# Finally!!



## muchgrass (Sep 5, 2004)

Craftsman Dozer blade for my 26 hp GT5000 - $299.

Wheel Weights - FREE Brother in law


Not shoveling my drive...PRICELESS!!!

Actually the blade only cost me $199 cause of a Sears gift card they sent me for putting a dent (in the side) of my new range when delivered last month. Card came Friday, saw the 10% off sale, Friday nite I'm at Sears.

Took about 4 hrs to get all assembled today. Didn't even take the time to put on chains. I had shoveled the drive from our last 12" but didn't clear the "backing" area where we turn around to drive out.
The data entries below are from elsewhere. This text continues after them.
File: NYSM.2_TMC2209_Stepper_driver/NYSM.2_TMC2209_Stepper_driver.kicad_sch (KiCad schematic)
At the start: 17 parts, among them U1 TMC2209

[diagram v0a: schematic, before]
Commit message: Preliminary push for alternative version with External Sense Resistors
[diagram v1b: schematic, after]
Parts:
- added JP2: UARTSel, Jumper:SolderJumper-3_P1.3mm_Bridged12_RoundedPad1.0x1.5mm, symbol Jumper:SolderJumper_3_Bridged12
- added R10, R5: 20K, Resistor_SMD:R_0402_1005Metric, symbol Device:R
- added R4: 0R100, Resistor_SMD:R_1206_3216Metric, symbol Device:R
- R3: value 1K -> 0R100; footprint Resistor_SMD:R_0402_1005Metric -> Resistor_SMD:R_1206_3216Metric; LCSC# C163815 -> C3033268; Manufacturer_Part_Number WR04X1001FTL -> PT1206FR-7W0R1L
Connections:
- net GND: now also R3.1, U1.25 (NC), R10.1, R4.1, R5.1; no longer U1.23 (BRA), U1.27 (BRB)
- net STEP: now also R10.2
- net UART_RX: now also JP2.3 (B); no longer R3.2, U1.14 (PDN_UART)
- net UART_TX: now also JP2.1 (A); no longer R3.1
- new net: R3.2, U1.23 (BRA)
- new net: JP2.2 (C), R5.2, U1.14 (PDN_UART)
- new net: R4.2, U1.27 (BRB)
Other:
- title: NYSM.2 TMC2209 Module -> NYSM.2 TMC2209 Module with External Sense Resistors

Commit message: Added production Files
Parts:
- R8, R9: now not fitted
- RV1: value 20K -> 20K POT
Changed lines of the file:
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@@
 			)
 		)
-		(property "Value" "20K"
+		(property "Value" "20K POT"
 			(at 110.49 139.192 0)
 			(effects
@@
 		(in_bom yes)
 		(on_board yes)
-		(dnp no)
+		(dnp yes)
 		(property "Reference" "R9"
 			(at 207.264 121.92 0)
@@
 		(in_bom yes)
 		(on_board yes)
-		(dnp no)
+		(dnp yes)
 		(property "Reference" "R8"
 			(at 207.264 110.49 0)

Having company tonite, so want to get the extra parking cleared. Went at that with the GT5K and man what a machine. The snow had melted into about 4" of very wet snow. Plowed straight swipes about 30' long without a hitch. Wound up with 2' high piles at end of parking area. Looks like a real plow was here.


----------



## jodyand (Sep 16, 2003)

Congrats muchgrass i know you will enjoy that I don't have snow to shovel but if i did it wouldn't last long before the shovel ended up somewhere in the neighbors yard:lmao:


----------



## Argee (Sep 17, 2003)

That's good news muchgrass...it's always good when somebody gets a deal....How about posting some pics of your latest addition


----------



## bontai Joe (Sep 16, 2003)

Congratulations muchgrass! Nothing like doing more work with less effort and sitting down as well. It's all good!


----------



## muchgrass (Sep 5, 2004)

Thanks guys. I did grab some pics, I will try to get them up tomorrow. It was awesome. 
I was a little concerned if the GT could do the job, but was not disappointed at all. I'll put the chains on tomorrow and then I'm ready for the next snow.


----------



## muchgrass (Sep 5, 2004)

Finally got some pics from first run of dozer blade on the GT.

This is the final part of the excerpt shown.